A stream consists of a source and a sink and optionally intermediate processing steps. In the example above, the source is twitterstream and the sink is hdfs. Each of these is generically referred to as a module. Spring XD provides these and a number of additional modules commonly used for constructing streams. This means you can build and deploy a stream, which is actually a distributed application, often without any additional coding. The pipe itself, represented by the “|” is typically backed by a distributed transport protocol. Currently Spring XD supports Rabbit MQ and Redis for remote data transport. Hence each module actually runs in different process, communicating over the network via messaging middleware. Spring XD also provides a single node runtime which runs everything in a single process and uses “local” transport (direct memory access) by default. The single node runtime makes Spring XD very simple to set up for demonstrations, proof of concept, and testing.
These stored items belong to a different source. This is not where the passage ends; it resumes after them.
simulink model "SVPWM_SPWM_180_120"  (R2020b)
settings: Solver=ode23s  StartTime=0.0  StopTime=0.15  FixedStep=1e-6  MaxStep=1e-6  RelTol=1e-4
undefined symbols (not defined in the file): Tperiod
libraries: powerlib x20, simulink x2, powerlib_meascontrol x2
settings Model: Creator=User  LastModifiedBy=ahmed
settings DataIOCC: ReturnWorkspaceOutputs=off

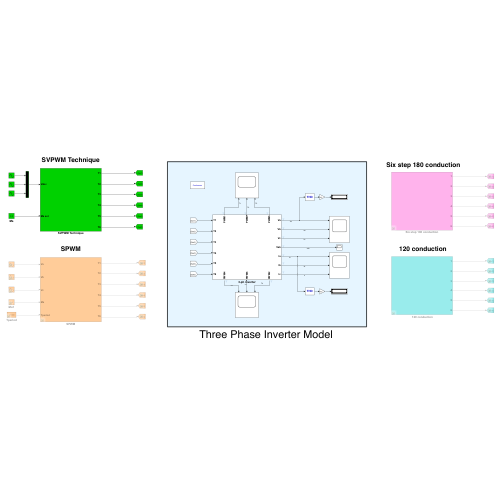
[thumbnail: Simulink's stored preview of the top-level diagram]
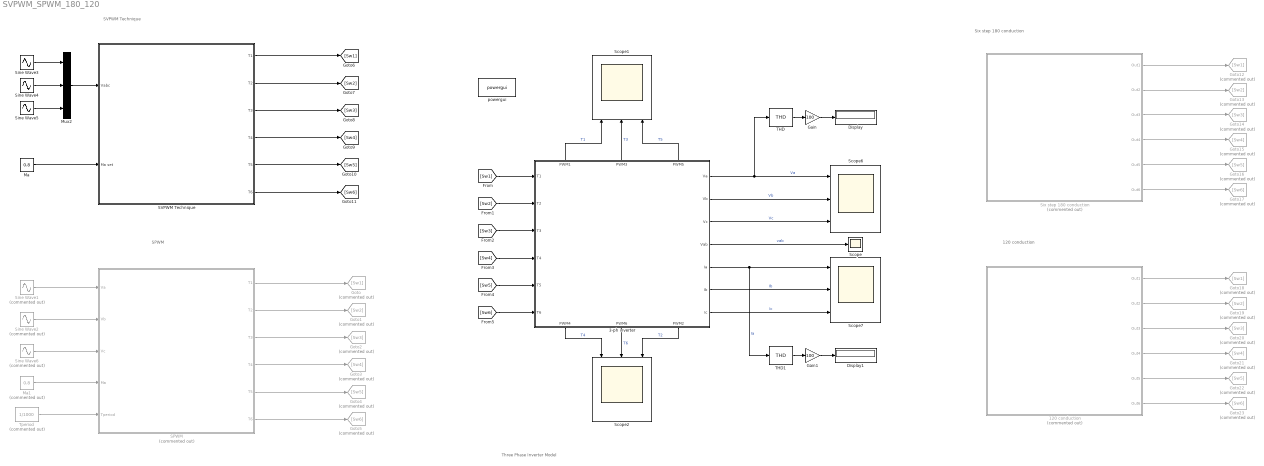
== system SVPWM_SPWM_180_120 ==
  note: SVPWM Technique
  note: Three Phase Inverter Model
  note: SPWM
  note: Six step 180 conduction
  note: 120 conduction
  " 120 conduction" : Subsystem  Commented=on
  3-ph inverter : Subsystem
      settings: PortSchema="{\"entries\":[{\"content\":{\"sides\":[{\"content\":{\"connectorIds\":[\"In1\",\"In2\",\"In3\",\"In4\",\"In5\",\"In6\"]},\"type\":\"ConnectorPlacement.EquallySpacedRectSide\",\"uuid\":\"9670f19d-de72-4ce0-97fc-2d99c77c4947\"},{\"content\":{\"connectorIds\":[\"Out1\",\"Out2\",\"Out3\",\"Out4\",\"Out5\",\"Out6\",\"Out7\"],\"side\":\"RIGHT\"},\"type\":\"ConnectorPlacement.EquallySpacedRectSide\",\"uuid\":\"898fb6ae-88ba-4ea3-b291-10dfcbbe4f4c\"},{\"content\":{\"connectorIds\":[\"Out11\",\"Out12\",\"Out13\"],\"side\":\"TOP\"},\"type\":\"ConnectorPlacement.EquallySpacedRectSide\",\"uuid\":\"97eb4227-aa82-44c6-9db4-9e2937822b7b\"},{\"content\":{\"connectorIds\":[\"Out8\",\"Out9\",\"Out10\"],\"side\":\"BOTTOM\"},\"type\":\"ConnectorPlacement.EquallySpacedRectSide\",\"uuid\":\"00673fcf-d9a4-45b1-91ba-2ca0356fde6c\"}]},\"type\":\"ConnectorPlacement.EquallySpacedConnector\",\"uuid\":\"520770ab-a4b7-4c47-9972-ee71a59cf9a8\"}],\"packageUris\":[\"http://schema.mathworks.com/mf0/Connector/R2020b\"],\"version\":\"1.0\"}"
  Display : Display
  Display1 : Display
  Gain : Gain  Gain=100
  Gain1 : Gain  Gain=100
  Goto : Goto  Commented=on  GotoTag=Sw1
  Goto1 : Goto  Commented=on  GotoTag=Sw2
  Goto12 : Goto  Commented=on  GotoTag=Sw1
  Goto13 : Goto  Commented=on  GotoTag=Sw2
  Goto14 : Goto  Commented=on  GotoTag=Sw3
  Goto15 : Goto  Commented=on  GotoTag=Sw4
  Goto16 : Goto  Commented=on  GotoTag=Sw5
  Goto17 : Goto  Commented=on  GotoTag=Sw6
  Goto18 : Goto  Commented=on  GotoTag=Sw1
  Goto19 : Goto  Commented=on  GotoTag=Sw2
  Goto2 : Goto  Commented=on  GotoTag=Sw3
  Goto20 : Goto  Commented=on  GotoTag=Sw3
  Goto21 : Goto  Commented=on  GotoTag=Sw4
  Goto22 : Goto  Commented=on  GotoTag=Sw5
  Goto23 : Goto  Commented=on  GotoTag=Sw6
  Goto3 : Goto  Commented=on  GotoTag=Sw4
  Goto4 : Goto  Commented=on  GotoTag=Sw5
  Goto5 : Goto  Commented=on  GotoTag=Sw6
  Ma : Constant  Value=0.8
  Ma1 : Constant  Commented=on  Value=0.8
  Mux2 : Mux  Inputs=3
  SPWM : Subsystem  Commented=on
  SVPWM Technique : Subsystem
  Scope : Scope
  Scope{1..2,6..7} (4 alike) : Scope  NumInputPorts=3
  Sine Wave1 : Sin  Commented=on  Amplitude=0.8  Frequency=2*pi*50  SampleTime=0
  Sine Wave2 : Sin  Commented=on  Amplitude=0.8  Frequency=2*pi*50  Phase=-2*pi/3  SampleTime=0
  Sine Wave3 : Sin  Amplitude=100*0.8*1/sqrt(3)  Frequency=2*pi*50  SampleTime=0
  Sine Wave4 : Sin  Amplitude=100*0.8*1/sqrt(3)  Frequency=2*pi*50  Phase=-2*pi/3  SampleTime=0
  Sine Wave5 : Sin  Amplitude=100*0.8*1/sqrt(3)  Frequency=2*pi*50  Phase=2*pi/3  SampleTime=0
  Sine Wave6 : Sin  Commented=on  Amplitude=0.8  Frequency=2*pi*50  Phase=2*pi/3  SampleTime=0
  Six step 180 conduction : Subsystem  Commented=on
  THD : powerlib_meascontrol/Measurements/THD  Freq=50  Ts=0
  THD1 : powerlib_meascontrol/Measurements/THD  Freq=50  Ts=0
  Tperiod : Constant  Commented=on  Value=1/1000
  powergui : powerlib/powergui  Priority=1  SimulationMode=Continuous  SampleTime=50e-6  frequency=60  Iterations=50  frequencyindice=0  Pbase=100e6  ErrMax=1e-4  UnitsV=kV  UnitsW=MW  buscounter=0  FunctionMessages=off  echomessages=off  EnableUseOfTLC=off  CurrentSourceSwitches=off  DisableSnubberDevices=off  DisableRonSwitches=off  DisableVfSwitches=off  DisplayEquations=off  AutomaticDiscreteSolvers=off  SolverType=Tustin/Backward Euler (TBE)  Interpol=off  ExternalGateDelay=off  methode=off  Ts=100  x0status=blocks  SPID=on  SwTol=0  HookPort=off  NonlinearTolerance=1e-4  nMaxIteration=100  ContinueOnMaxIteration=off  RestoreLinks=warning  ResistiveCurrentMeasurement=off  Frange=[0:2:500]  Ylog=off  Xlog=on  ShowGrid=off  save=off  variable=ZData  structure=0  ZoomFFT=off  StartTime=0.0  cycles=1  DisplayStyle=1  fundamental=60  FreqAxis=off  MaxFrequency=1000  frequencyindicesteady=1  RmsSteady=1  display=off
  wires:
  3-ph inverter/5(Ia) -> Scope7/1, THD1/1  "Ia"
  3-ph inverter/11(PWM1) -> Scope1/1  "T1"
  3-ph inverter/7(Ic) -> Scope7/3  "Ic"
  3-ph inverter/4(Vab) -> Scope/1  "vab"
  3-ph inverter/13(PWM5) -> Scope1/3  "T5"
  3-ph inverter/6(Ib) -> Scope7/2  "Ib"
  3-ph inverter/2(Vb) -> Scope6/2  "Vb"
  3-ph inverter/1(Va) -> Scope6/1, THD/1  "Va"
  3-ph inverter/3(Vc) -> Scope6/3  "Vc"
  Mux2/1 -> SVPWM Technique/1(Vabc)
  Sine Wave4/1 -> Mux2/2
  Sine Wave5/1 -> Mux2/3
  Sine Wave3/1 -> Mux2/1
  Ma/1 -> SVPWM Technique/2(Ma set)
  Sine Wave1/1 -> SPWM/1(Va)
  Sine Wave6/1 -> SPWM/3(Vc)
  Sine Wave2/1 -> SPWM/2(Vb)
  Ma1/1 -> SPWM/4(Ma)
  Tperiod/1 -> SPWM/5(Tperiod)
  [Sw1] -> 3-ph inverter/1(T1)
  [Sw2] -> 3-ph inverter/2(T2)
  [Sw3] -> 3-ph inverter/3(T3)
  [Sw4] -> 3-ph inverter/4(T4)
  [Sw5] -> 3-ph inverter/5(T5)
  [Sw6] -> 3-ph inverter/6(T6)
  SPWM/5(T5) -> Goto4/1
  SPWM/4(T4) -> Goto3/1
  SPWM/3(T3) -> Goto2/1
  SPWM/6(T6) -> Goto5/1
  SPWM/2(T2) -> Goto1/1
  SPWM/1(T1) -> Goto/1
  SVPWM Technique/1(T1) -> [Sw1]
  SVPWM Technique/2(T2) -> [Sw2]
  SVPWM Technique/3(T3) -> [Sw3]
  SVPWM Technique/4(T4) -> [Sw4]
  SVPWM Technique/5(T5) -> [Sw5]
  SVPWM Technique/6(T6) -> [Sw6]
  Six step 180 conduction/4(Out4) -> Goto15/1
  Six step 180 conduction/3(Out3) -> Goto14/1
  Six step 180 conduction/5(Out5) -> Goto16/1
  Six step 180 conduction/2(Out2) -> Goto13/1
  Six step 180 conduction/6(Out6) -> Goto17/1
  Six step 180 conduction/1(Out1) -> Goto12/1
  " 120 conduction"/1(Out1) -> Goto18/1
  " 120 conduction"/6(Out6) -> Goto23/1
  " 120 conduction"/2(Out2) -> Goto19/1
  " 120 conduction"/5(Out5) -> Goto22/1
  " 120 conduction"/3(Out3) -> Goto20/1
  " 120 conduction"/4(Out4) -> Goto21/1
  3-ph inverter/12(PWM3) -> Scope1/2  "T3"
  THD/1 -> Gain/1
  Gain/1 -> Display/1
  THD1/1 -> Gain1/1
  Gain1/1 -> Display1/1
  3-ph inverter/8(PWM4) -> Scope2/1  "T4"
  3-ph inverter/9(PWM6) -> Scope2/2  "T6"
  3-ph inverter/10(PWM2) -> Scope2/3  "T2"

The above stream, once created and deployed to the Spring XD runtime will ingest incoming tweets and store them in HDFS. NOTE: This assumes that you have already installed HDFS. Spring XD supports all major Hadoop distributions, including Pivotal HD.

It is also possible to create a tap on any stream. A tap works like an ordinary stream except that it uses an existing stream as its source. A Tap is an example of the WireTap pattern described in Enterprise Integration Patterns on which Spring Integration is based. Taps are extremely useful for real time analytics as we shall see.

Counters and Gauges

Spring XD provides a number of modules, including counters and gauges, that produce stream metrics and store them in Spring XD’s analytics repository. Spring XD provides both Redis and In memory repository implementations; the latter useful for demonstration and testing in conjunction with the single node runtime. Counters and Gauges included in the Spring XD distribution include:

Counter – a simple count of messages flowing through a stream
Field Value Counter – a count of occurrences of unique values for a specific field in a POJO or JSON payload
Aggregate Counter – keeps a total count, but also retains the total count values for each minute, hour day and month of the period for which it is run. May be queried for a given date range and resolution.
Gauge – similar to a counter, holds a single long value which is application defined and bound to a unique name
Rich Gauge – an application defined double value that also keeps a running average, along with the minimum and maximum values and the sample count.

The Analytics Dashboard

This sample application demonstrates some of Spring XD’s capabilities described above. We create a primary stream to ingest data from Twitter and then create a few taps on the primary stream to demonstrate the aggregate counter and the field value counter. Spring XD provides all of this out-of-the-box, requiring no coding. The dashboard itself is a separate application, written in javascript and HTML, to access Spring XD metrics via REST endpoints exposed by the Spring XD Admin process. In the single node runtime, the Admin is embedded along with its HTTP server, exposing REST endpoints. The dashboard itself runs in a browser, backed by its own HTTP server, to host the static pages which pull the counter and gauge values from Spring XD. The data is updated in real-time and displayed rather nicely using charts provided by d3.js.

The Spring XD Shell

The Spring XD distribution includes a CLI application called the XD Shell, used to execute commands and queries to Spring XD. For example, the shell is used to create and deploy streams. The shell is also a REST client to the Spring XD Admin. The shell commands used to create and deploy the streams needed for the Analytics Dashboard are:

xd:> stream create tweets --definition "twitterstream | log"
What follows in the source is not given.